» WHAT THE TASK ASKS:
Output every entry below word for word, without its pictures.

Records contained in a dataset
══════
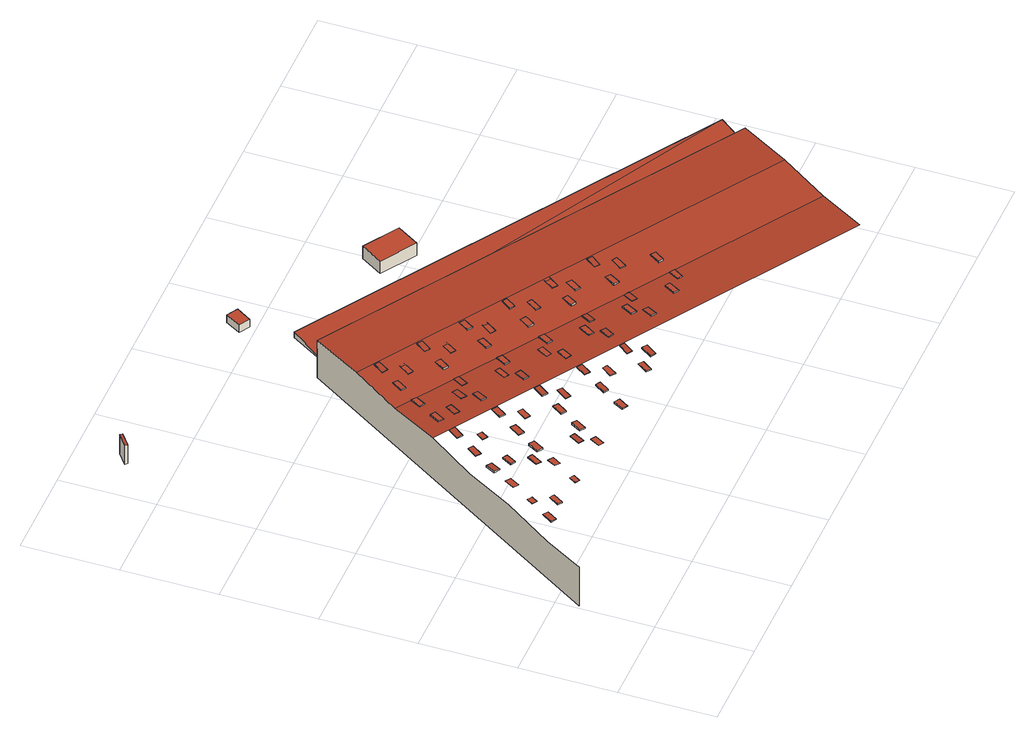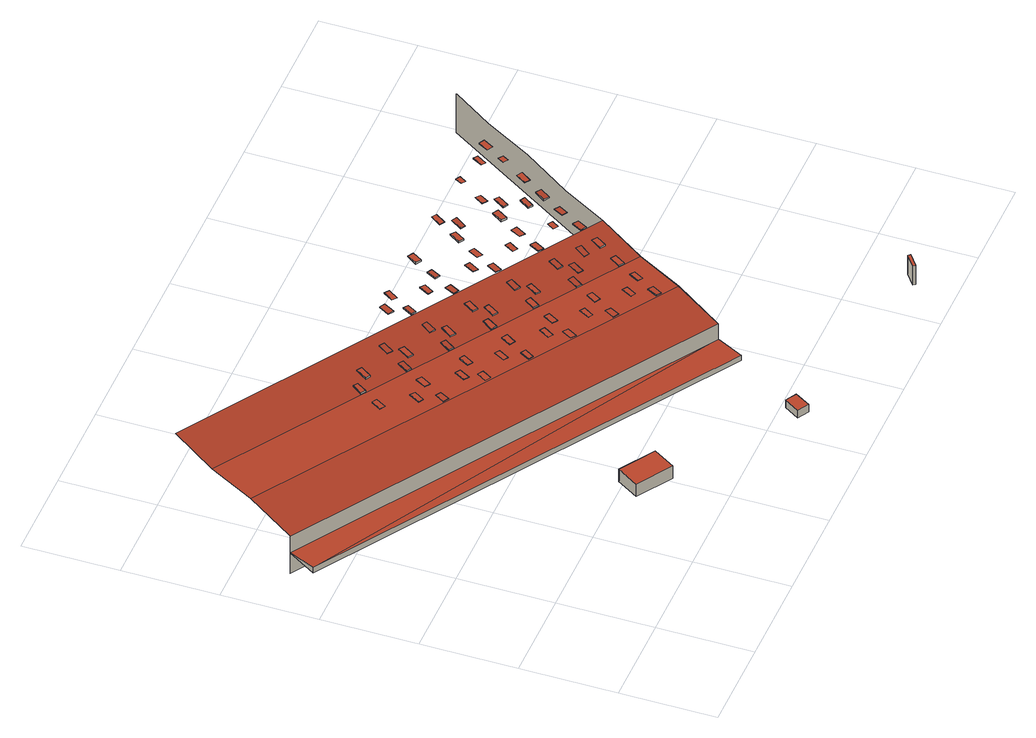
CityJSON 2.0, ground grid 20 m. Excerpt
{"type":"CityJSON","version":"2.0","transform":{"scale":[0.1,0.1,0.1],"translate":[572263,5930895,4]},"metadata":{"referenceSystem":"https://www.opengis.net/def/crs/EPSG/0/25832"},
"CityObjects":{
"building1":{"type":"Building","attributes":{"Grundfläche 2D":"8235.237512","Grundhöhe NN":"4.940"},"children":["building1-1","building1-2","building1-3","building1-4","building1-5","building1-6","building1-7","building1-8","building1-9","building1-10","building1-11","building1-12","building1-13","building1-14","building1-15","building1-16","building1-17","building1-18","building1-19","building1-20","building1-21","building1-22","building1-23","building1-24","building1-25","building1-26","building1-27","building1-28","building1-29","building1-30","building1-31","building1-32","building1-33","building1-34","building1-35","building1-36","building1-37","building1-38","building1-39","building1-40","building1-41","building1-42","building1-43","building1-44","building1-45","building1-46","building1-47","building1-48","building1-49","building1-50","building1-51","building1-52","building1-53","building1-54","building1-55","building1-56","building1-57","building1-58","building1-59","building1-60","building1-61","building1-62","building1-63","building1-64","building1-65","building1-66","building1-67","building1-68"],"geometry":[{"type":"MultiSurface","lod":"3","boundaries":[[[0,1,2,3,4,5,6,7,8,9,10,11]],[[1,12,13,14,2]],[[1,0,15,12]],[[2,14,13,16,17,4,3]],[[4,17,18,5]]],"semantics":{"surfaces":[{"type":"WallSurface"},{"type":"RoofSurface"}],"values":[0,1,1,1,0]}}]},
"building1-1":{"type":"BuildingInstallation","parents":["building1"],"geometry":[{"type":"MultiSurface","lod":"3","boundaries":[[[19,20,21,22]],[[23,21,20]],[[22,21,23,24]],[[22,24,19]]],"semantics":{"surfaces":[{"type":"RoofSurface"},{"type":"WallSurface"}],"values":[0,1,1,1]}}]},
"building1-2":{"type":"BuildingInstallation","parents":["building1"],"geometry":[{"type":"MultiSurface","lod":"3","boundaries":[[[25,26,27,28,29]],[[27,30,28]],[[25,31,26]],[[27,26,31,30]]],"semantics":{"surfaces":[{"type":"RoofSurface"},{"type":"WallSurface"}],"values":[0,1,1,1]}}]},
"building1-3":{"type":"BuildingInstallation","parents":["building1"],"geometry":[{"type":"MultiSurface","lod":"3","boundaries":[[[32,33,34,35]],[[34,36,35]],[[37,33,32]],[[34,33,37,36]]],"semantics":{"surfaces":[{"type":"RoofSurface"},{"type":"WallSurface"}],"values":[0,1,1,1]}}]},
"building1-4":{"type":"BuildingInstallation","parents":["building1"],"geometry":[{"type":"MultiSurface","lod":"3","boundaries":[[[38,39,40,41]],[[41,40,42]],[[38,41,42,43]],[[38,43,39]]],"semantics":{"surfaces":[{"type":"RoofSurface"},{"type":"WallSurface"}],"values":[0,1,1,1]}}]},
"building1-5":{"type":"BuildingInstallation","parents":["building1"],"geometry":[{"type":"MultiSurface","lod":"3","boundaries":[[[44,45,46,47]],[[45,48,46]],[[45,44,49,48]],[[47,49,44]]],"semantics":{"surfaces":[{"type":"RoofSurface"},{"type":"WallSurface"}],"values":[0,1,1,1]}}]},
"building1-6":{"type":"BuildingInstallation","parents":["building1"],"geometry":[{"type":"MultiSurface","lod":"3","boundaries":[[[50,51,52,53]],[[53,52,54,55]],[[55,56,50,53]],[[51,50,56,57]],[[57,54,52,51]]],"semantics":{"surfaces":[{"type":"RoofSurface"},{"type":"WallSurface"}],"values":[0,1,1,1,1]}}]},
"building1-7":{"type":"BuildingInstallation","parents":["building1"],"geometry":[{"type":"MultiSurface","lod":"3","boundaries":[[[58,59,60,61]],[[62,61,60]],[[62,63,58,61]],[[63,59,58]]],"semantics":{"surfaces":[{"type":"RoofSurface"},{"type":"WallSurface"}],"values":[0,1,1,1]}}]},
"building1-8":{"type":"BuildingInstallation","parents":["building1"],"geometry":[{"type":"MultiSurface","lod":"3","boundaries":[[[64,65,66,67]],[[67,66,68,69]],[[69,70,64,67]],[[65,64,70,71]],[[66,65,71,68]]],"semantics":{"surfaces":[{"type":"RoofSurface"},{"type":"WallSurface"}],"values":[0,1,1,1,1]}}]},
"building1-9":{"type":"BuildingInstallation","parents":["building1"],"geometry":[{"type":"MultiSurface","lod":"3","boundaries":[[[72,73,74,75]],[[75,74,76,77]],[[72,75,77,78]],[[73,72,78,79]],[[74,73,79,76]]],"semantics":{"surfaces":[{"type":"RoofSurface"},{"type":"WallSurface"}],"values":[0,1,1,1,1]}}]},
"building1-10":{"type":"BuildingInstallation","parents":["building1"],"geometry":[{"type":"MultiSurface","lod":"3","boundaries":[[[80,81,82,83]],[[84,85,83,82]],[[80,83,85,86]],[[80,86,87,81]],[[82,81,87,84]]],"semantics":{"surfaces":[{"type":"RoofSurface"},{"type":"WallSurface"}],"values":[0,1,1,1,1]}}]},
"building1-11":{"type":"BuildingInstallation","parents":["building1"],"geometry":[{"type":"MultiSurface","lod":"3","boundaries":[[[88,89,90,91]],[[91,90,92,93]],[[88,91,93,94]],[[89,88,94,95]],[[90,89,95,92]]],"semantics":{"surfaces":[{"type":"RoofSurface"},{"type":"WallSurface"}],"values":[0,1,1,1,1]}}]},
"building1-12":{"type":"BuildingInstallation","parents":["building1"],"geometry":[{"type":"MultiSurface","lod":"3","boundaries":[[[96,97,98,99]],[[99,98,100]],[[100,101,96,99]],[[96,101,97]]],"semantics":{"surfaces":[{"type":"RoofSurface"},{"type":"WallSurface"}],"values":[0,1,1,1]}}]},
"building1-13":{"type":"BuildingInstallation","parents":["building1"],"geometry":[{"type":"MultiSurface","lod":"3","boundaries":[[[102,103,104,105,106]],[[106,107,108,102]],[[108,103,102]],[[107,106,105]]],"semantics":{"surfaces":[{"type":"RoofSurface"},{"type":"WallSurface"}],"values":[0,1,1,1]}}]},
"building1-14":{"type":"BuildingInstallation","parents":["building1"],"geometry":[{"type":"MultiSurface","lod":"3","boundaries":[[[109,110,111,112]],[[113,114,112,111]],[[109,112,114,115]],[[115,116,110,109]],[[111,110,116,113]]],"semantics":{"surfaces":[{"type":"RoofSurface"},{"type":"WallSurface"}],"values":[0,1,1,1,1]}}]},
══════
» SOLUTION FOR THIS PROBLEM:
CityJSON 2.0, ground grid 20 m. Excerpt
{"type":"CityJSON","version":"2.0","transform":{"scale":[0.1,0.1,0.1],"translate":[572263,5930895,4]},"metadata":{"referenceSystem":"https://www.opengis.net/def/crs/EPSG/0/25832"},
"CityObjects":{
"building1":{"type":"Building","attributes":{"Grundfläche 2D":"8235.237512","Grundhöhe NN":"4.940"},"children":["building1-1","building1-2","building1-3","building1-4","building1-5","building1-6","building1-7","building1-8","building1-9","building1-10","building1-11","building1-12","building1-13","building1-14","building1-15","building1-16","building1-17","building1-18","building1-19","building1-20","building1-21","building1-22","building1-23","building1-24","building1-25","building1-26","building1-27","building1-28","building1-29","building1-30","building1-31","building1-32","building1-33","building1-34","building1-35","building1-36","building1-37","building1-38","building1-39","building1-40","building1-41","building1-42","building1-43","building1-44","building1-45","building1-46","building1-47","building1-48","building1-49","building1-50","building1-51","building1-52","building1-53","building1-54","building1-55","building1-56","building1-57","building1-58","building1-59","building1-60","building1-61","building1-62","building1-63","building1-64","building1-65","building1-66","building1-67","building1-68"],"geometry":[{"type":"MultiSurface","lod":"3","boundaries":[[[0,1,2,3,4,5,6,7,8,9,10,11]],[[1,12,13,14,2]],[[1,0,15,12]],[[2,14,13,16,17,4,3]],[[4,17,18,5]]],"semantics":{"surfaces":[{"type":"WallSurface"},{"type":"RoofSurface"}],"values":[0,1,1,1,0]}}]},
"building1-1":{"type":"BuildingInstallation","parents":["building1"],"geometry":[{"type":"MultiSurface","lod":"3","boundaries":[[[19,20,21,22]],[[23,21,20]],[[22,21,23,24]],[[22,24,19]]],"semantics":{"surfaces":[{"type":"RoofSurface"},{"type":"WallSurface"}],"values":[0,1,1,1]}}]},
"building1-2":{"type":"BuildingInstallation","parents":["building1"],"geometry":[{"type":"MultiSurface","lod":"3","boundaries":[[[25,26,27,28,29]],[[27,30,28]],[[25,31,26]],[[27,26,31,30]]],"semantics":{"surfaces":[{"type":"RoofSurface"},{"type":"WallSurface"}],"values":[0,1,1,1]}}]},
"building1-3":{"type":"BuildingInstallation","parents":["building1"],"geometry":[{"type":"MultiSurface","lod":"3","boundaries":[[[32,33,34,35]],[[34,36,35]],[[37,33,32]],[[34,33,37,36]]],"semantics":{"surfaces":[{"type":"RoofSurface"},{"type":"WallSurface"}],"values":[0,1,1,1]}}]},
"building1-4":{"type":"BuildingInstallation","parents":["building1"],"geometry":[{"type":"MultiSurface","lod":"3","boundaries":[[[38,39,40,41]],[[41,40,42]],[[38,41,42,43]],[[38,43,39]]],"semantics":{"surfaces":[{"type":"RoofSurface"},{"type":"WallSurface"}],"values":[0,1,1,1]}}]},
"building1-5":{"type":"BuildingInstallation","parents":["building1"],"geometry":[{"type":"MultiSurface","lod":"3","boundaries":[[[44,45,46,47]],[[45,48,46]],[[45,44,49,48]],[[47,49,44]]],"semantics":{"surfaces":[{"type":"RoofSurface"},{"type":"WallSurface"}],"values":[0,1,1,1]}}]},
"building1-6":{"type":"BuildingInstallation","parents":["building1"],"geometry":[{"type":"MultiSurface","lod":"3","boundaries":[[[50,51,52,53]],[[53,52,54,55]],[[55,56,50,53]],[[51,50,56,57]],[[57,54,52,51]]],"semantics":{"surfaces":[{"type":"RoofSurface"},{"type":"WallSurface"}],"values":[0,1,1,1,1]}}]},
"building1-7":{"type":"BuildingInstallation","parents":["building1"],"geometry":[{"type":"MultiSurface","lod":"3","boundaries":[[[58,59,60,61]],[[62,61,60]],[[62,63,58,61]],[[63,59,58]]],"semantics":{"surfaces":[{"type":"RoofSurface"},{"type":"WallSurface"}],"values":[0,1,1,1]}}]},
"building1-8":{"type":"BuildingInstallation","parents":["building1"],"geometry":[{"type":"MultiSurface","lod":"3","boundaries":[[[64,65,66,67]],[[67,66,68,69]],[[69,70,64,67]],[[65,64,70,71]],[[66,65,71,68]]],"semantics":{"surfaces":[{"type":"RoofSurface"},{"type":"WallSurface"}],"values":[0,1,1,1,1]}}]},
"building1-9":{"type":"BuildingInstallation","parents":["building1"],"geometry":[{"type":"MultiSurface","lod":"3","boundaries":[[[72,73,74,75]],[[75,74,76,77]],[[72,75,77,78]],[[73,72,78,79]],[[74,73,79,76]]],"semantics":{"surfaces":[{"type":"RoofSurface"},{"type":"WallSurface"}],"values":[0,1,1,1,1]}}]},
"building1-10":{"type":"BuildingInstallation","parents":["building1"],"geometry":[{"type":"MultiSurface","lod":"3","boundaries":[[[80,81,82,83]],[[84,85,83,82]],[[80,83,85,86]],[[80,86,87,81]],[[82,81,87,84]]],"semantics":{"surfaces":[{"type":"RoofSurface"},{"type":"WallSurface"}],"values":[0,1,1,1,1]}}]},
"building1-11":{"type":"BuildingInstallation","parents":["building1"],"geometry":[{"type":"MultiSurface","lod":"3","boundaries":[[[88,89,90,91]],[[91,90,92,93]],[[88,91,93,94]],[[89,88,94,95]],[[90,89,95,92]]],"semantics":{"surfaces":[{"type":"RoofSurface"},{"type":"WallSurface"}],"values":[0,1,1,1,1]}}]},
"building1-12":{"type":"BuildingInstallation","parents":["building1"],"geometry":[{"type":"MultiSurface","lod":"3","boundaries":[[[96,97,98,99]],[[99,98,100]],[[100,101,96,99]],[[96,101,97]]],"semantics":{"surfaces":[{"type":"RoofSurface"},{"type":"WallSurface"}],"values":[0,1,1,1]}}]},
"building1-13":{"type":"BuildingInstallation","parents":["building1"],"geometry":[{"type":"MultiSurface","lod":"3","boundaries":[[[102,103,104,105,106]],[[106,107,108,102]],[[108,103,102]],[[107,106,105]]],"semantics":{"surfaces":[{"type":"RoofSurface"},{"type":"WallSurface"}],"values":[0,1,1,1]}}]},
"building1-14":{"type":"BuildingInstallation","parents":["building1"],"geometry":[{"type":"MultiSurface","lod":"3","boundaries":[[[109,110,111,112]],[[113,114,112,111]],[[109,112,114,115]],[[115,116,110,109]],[[111,110,116,113]]],"semantics":{"surfaces":[{"type":"RoofSurface"},{"type":"WallSurface"}],"values":[0,1,1,1,1]}}]},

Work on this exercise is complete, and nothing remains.